Billionaires Richard Branson and Jeff Bezos will have to fly to the final frontier aboard their own spaceship during the month of July.
On July 11 at 14:30 GMT, Branson, founder of the Virgin Group, along with two pilots and three more passengers, will leave Virgin Galactic’s operational base at Spaceport America in the New Mexico desert. Its crew will reach a maximum altitude of about 89 km (55 miles) and will experience a few minutes of weightlessness before making a gliding descent to Earth.
Nine days later, on July 20, Amazon CEO Bezos will emerge from a reusable rocket from a launcher in West Texas with five other people, including his brother Mark. Its crew will reach an altitude of about 100 km (62 miles).
Get to the edge of space
Branson is known for his bold reputation as a mogul with a legacy of sea and hot air balloon expeditions. It is ready to promote its fast and flourishing astrotourism adventure by projecting itself into suborbital space.
Sunday’s launch will be Virgin Galactic Holding Inc’s (SPCE.N) first manned test flight with full crew on the edge of space.
The spacecraft will be released by a double-fuselage carrier called VMS Eve (named after Branson’s mother) at an altitude of 15,240 meters (50,000 feet), where Unity will be released, and will board a rocket in an almost vertical rise through the outer fringe of the Earth’s atmosphere.
At the top of their flight, about 89 km over the New Mexico desert, the crew will experience a few minutes of weightlessness before making a gliding descent to Earth. The flight is expected to last about 90 minutes and will be broadcast live.
Virgin’s Unity 22 mission marks the 22nd test flight of the spacecraft and the company’s fourth manned mission beyond the Earth’s atmosphere.

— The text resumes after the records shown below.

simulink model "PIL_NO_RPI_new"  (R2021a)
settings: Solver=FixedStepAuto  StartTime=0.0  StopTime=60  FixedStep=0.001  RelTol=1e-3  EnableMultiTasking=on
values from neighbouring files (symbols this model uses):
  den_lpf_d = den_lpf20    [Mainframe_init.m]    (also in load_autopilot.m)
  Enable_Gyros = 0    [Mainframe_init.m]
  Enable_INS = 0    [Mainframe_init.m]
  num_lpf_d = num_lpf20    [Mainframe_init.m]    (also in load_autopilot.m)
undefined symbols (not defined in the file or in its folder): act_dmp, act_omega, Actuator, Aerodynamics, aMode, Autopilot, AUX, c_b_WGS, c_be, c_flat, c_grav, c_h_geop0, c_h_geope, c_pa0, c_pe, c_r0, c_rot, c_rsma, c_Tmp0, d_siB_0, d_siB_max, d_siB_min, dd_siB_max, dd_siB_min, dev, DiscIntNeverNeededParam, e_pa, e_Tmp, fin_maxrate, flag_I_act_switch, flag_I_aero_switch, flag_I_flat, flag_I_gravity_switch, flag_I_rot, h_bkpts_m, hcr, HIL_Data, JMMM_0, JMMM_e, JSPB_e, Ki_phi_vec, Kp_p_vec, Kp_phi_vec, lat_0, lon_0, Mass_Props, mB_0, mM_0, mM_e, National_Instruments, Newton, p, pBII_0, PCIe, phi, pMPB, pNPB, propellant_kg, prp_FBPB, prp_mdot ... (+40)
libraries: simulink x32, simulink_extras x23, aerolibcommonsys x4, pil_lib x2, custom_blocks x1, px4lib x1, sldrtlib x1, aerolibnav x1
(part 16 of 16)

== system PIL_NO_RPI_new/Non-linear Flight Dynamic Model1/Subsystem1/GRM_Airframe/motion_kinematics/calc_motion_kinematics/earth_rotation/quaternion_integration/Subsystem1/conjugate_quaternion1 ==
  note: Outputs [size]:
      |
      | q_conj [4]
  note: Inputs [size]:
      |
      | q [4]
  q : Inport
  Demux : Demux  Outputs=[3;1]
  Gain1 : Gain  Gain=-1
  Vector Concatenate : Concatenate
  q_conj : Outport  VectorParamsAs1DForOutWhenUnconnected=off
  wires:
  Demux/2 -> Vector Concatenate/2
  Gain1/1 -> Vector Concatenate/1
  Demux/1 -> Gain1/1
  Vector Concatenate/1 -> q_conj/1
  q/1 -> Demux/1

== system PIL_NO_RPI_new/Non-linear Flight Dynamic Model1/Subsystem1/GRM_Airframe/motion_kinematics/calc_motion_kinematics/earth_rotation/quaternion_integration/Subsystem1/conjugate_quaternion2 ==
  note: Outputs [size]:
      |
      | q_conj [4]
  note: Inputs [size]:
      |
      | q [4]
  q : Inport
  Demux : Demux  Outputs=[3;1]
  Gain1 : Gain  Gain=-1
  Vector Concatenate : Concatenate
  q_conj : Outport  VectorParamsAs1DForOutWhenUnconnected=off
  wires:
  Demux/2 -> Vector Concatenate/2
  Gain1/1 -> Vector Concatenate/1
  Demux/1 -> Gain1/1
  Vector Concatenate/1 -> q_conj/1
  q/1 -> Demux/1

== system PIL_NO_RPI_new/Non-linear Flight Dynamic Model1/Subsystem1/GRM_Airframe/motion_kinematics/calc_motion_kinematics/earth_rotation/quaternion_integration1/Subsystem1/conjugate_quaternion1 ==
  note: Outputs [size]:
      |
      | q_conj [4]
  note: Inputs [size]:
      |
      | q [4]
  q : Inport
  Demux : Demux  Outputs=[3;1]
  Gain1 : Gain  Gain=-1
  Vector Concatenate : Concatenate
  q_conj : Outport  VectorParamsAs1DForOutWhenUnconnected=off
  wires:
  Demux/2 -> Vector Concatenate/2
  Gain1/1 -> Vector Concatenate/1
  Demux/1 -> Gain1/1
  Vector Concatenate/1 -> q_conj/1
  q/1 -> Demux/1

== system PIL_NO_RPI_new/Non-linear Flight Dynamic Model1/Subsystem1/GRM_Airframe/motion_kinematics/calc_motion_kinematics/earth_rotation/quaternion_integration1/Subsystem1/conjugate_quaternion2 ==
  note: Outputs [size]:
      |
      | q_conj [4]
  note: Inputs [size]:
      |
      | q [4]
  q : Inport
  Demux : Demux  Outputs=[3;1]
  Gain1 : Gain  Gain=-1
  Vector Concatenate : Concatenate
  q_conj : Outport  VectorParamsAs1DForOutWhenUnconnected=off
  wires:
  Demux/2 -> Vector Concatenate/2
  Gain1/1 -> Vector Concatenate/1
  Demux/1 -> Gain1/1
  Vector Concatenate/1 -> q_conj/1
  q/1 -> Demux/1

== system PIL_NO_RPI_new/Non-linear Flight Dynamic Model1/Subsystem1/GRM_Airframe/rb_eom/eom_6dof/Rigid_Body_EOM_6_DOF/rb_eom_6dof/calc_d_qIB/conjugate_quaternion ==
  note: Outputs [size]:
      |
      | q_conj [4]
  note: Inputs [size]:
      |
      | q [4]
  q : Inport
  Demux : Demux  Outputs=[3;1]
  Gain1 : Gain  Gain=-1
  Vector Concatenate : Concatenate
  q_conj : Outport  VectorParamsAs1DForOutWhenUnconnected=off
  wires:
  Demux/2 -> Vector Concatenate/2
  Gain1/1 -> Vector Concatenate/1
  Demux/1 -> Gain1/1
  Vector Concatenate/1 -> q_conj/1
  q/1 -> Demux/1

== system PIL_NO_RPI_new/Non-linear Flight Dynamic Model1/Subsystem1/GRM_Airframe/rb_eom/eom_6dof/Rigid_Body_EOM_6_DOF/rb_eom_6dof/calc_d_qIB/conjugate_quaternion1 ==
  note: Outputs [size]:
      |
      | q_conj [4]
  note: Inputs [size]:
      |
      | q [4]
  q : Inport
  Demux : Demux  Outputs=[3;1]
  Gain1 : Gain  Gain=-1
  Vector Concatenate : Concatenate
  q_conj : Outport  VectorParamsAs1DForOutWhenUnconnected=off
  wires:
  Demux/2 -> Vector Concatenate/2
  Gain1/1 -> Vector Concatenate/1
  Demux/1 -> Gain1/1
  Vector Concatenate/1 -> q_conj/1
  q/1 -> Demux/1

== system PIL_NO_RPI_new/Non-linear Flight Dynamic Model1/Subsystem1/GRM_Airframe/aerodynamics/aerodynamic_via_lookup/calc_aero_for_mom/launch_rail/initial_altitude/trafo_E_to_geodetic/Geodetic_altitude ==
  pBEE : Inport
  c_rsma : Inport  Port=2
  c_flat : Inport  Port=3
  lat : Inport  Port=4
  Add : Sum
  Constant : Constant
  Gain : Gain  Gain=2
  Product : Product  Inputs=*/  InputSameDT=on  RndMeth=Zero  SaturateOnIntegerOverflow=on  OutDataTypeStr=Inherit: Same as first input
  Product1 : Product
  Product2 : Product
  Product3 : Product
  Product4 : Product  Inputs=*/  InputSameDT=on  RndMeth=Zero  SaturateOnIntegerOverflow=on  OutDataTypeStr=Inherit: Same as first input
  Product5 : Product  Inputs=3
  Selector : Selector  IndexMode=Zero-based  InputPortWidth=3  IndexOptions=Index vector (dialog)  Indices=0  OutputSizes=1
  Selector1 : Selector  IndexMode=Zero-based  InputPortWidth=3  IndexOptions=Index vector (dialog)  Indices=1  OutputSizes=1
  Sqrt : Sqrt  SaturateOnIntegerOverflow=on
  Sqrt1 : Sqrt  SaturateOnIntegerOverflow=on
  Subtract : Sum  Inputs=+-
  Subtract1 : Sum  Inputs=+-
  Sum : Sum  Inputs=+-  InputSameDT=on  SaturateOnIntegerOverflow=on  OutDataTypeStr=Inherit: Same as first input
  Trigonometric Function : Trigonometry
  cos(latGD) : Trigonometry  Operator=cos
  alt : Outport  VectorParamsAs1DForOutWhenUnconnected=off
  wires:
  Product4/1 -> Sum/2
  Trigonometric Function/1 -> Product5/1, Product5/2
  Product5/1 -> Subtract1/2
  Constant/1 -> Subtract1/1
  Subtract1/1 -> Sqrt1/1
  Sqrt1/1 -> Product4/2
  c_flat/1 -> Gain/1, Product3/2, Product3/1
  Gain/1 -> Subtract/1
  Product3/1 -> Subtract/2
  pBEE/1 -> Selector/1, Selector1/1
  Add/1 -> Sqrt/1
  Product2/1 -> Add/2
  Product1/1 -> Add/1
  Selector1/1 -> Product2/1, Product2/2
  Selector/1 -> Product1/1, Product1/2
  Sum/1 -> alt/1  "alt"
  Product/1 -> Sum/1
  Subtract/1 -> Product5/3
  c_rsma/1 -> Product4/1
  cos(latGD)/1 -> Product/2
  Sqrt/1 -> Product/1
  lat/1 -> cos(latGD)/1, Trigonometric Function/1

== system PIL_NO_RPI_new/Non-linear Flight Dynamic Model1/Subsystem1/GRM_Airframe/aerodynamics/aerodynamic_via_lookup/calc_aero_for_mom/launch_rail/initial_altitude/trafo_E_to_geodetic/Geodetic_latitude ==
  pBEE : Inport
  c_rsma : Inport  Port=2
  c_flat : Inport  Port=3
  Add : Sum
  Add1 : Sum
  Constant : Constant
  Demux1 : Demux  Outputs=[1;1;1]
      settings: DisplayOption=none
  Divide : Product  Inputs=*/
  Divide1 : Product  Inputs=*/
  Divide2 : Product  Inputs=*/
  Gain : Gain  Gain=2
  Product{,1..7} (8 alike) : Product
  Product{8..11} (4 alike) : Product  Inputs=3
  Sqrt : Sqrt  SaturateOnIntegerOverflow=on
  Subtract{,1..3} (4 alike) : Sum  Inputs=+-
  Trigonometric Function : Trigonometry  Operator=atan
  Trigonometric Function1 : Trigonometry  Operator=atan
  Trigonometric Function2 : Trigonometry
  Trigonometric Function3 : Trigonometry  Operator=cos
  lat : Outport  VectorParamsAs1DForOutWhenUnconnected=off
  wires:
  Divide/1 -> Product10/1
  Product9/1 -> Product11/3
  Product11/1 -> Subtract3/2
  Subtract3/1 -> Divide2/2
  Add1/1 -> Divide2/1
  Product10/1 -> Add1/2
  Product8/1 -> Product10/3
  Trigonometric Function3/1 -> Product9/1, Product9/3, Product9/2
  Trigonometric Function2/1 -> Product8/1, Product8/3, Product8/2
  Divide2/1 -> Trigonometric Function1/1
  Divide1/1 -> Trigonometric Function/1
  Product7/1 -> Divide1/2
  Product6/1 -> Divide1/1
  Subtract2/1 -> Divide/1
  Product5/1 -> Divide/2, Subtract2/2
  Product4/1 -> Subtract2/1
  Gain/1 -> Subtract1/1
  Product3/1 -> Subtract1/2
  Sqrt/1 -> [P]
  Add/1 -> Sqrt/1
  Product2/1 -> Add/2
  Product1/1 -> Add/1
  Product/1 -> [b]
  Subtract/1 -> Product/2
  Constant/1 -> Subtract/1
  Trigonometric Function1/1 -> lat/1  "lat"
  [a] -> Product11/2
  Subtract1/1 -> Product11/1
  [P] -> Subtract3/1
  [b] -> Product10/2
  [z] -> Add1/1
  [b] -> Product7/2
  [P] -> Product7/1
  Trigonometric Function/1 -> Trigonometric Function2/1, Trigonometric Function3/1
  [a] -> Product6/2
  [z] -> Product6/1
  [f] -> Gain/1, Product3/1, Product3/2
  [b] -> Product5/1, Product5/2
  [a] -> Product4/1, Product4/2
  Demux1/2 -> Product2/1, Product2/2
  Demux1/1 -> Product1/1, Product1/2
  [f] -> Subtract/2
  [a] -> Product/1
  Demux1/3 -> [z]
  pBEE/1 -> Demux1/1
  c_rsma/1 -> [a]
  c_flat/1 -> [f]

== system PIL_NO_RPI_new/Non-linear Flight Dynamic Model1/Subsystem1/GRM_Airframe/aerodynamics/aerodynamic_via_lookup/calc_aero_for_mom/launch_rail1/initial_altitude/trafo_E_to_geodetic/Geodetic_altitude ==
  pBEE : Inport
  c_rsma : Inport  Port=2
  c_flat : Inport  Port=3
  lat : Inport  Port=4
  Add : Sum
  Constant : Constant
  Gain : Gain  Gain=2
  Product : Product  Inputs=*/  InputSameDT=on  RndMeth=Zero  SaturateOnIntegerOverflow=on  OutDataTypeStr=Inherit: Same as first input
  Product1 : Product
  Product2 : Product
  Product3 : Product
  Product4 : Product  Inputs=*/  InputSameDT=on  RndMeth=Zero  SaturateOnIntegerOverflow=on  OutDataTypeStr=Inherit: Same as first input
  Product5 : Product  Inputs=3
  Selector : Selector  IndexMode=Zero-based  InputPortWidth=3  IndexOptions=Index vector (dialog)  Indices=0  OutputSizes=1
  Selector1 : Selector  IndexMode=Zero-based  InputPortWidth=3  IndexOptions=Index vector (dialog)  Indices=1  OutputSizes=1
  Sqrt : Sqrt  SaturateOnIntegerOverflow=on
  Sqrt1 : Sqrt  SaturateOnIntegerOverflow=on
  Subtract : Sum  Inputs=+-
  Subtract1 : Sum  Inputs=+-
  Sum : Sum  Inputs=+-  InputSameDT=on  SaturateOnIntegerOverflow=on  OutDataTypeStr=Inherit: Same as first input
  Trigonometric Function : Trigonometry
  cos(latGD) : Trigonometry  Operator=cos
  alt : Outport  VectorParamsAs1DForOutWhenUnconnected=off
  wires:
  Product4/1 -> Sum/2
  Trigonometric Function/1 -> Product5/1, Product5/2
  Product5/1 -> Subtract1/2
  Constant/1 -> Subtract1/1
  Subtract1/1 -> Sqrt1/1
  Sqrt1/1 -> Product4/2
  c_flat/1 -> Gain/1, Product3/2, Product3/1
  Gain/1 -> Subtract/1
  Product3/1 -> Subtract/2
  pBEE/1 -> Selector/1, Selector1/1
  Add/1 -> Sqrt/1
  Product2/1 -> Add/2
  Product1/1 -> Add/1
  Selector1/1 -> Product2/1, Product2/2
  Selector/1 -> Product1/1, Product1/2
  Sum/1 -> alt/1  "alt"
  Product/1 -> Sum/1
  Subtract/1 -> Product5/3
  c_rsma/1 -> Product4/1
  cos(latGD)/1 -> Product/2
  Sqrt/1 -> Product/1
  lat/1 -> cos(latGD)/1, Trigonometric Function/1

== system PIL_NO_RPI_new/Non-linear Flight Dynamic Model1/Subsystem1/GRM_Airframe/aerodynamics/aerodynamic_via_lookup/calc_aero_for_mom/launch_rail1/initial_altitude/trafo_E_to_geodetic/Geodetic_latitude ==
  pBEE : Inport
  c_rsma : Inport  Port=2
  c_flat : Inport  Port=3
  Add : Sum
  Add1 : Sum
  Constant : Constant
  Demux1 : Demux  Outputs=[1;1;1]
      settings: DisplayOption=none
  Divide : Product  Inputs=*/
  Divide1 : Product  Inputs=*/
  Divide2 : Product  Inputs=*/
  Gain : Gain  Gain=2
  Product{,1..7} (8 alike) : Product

While the mission is seen as a potential milestone in helping to transform citizen rocket travel into a conventional commercial enterprise, spaceflight remains an intrinsically dangerous endeavor.
An earlier prototype of the Virgin Galactic rocket plane crashed during a test flight over the Mojave Desert, California, in 2014, killing one pilot and seriously injuring another.
Branson’s Sunday flight disrupts rival Bezos and his space company, Blue Origin, for nine days in what is called “the multimillion-dollar space race.”
Bezos, founder and former CEO of online retail giant Amazon.com, is scheduled to fly aboard the Blue Origin suborbital rocket, the New Shepard, on July 20th.
Virgin Galactic and Blue Origin, along with SpaceX, their billionaire entrepreneur Elon Musk, compete head-to-head in the emerging space tourism business, although Musk is making great strides.
SpaceX, which plans to send its first all-civilian crew (without Musk) into orbit in September, has already launched numerous payloads and astronauts into the International Space Station.

Who is on board?
VSS Unity has two pilots, Dave Mackay and Michael Masucci, who will control the starting and stopping of the ship’s rocket engine and activate the maneuvering of the “leaded” tail for re-entry.
The other three mission specialists are Beth Moses, the company’s chief astronaut instructor; Colin Bennett, chief operating engineer at Virgin Galactic; and Sirisha Bandla, vice president of research operations and government affairs.
Virgin says it plans two more test flights of the spacecraft before commercial service begins next year.
The company has said it has received more than 600 flight bookings, priced at about $ 250,000 per ticket, but expects to reduce the cost of each seat to $ 40,000.
U.S.-based institutes, such as the USAF, define space at 80 km (50 miles), which is marginally different from the Federation Aeronautique Internationale (FAI), which defines space at 100 km (62 miles) above the level. of the sea. The Karman line is also defined at almost 100 km. NASA mission control defines the start of space at 122 km (76 miles).
Virgin Galactic will rotate around 89 km and Blue Origin will travel 100 km above sea level.
It is often attributed that space begins when the atmosphere alone is not enough to support a flying ship at suborbital velocity.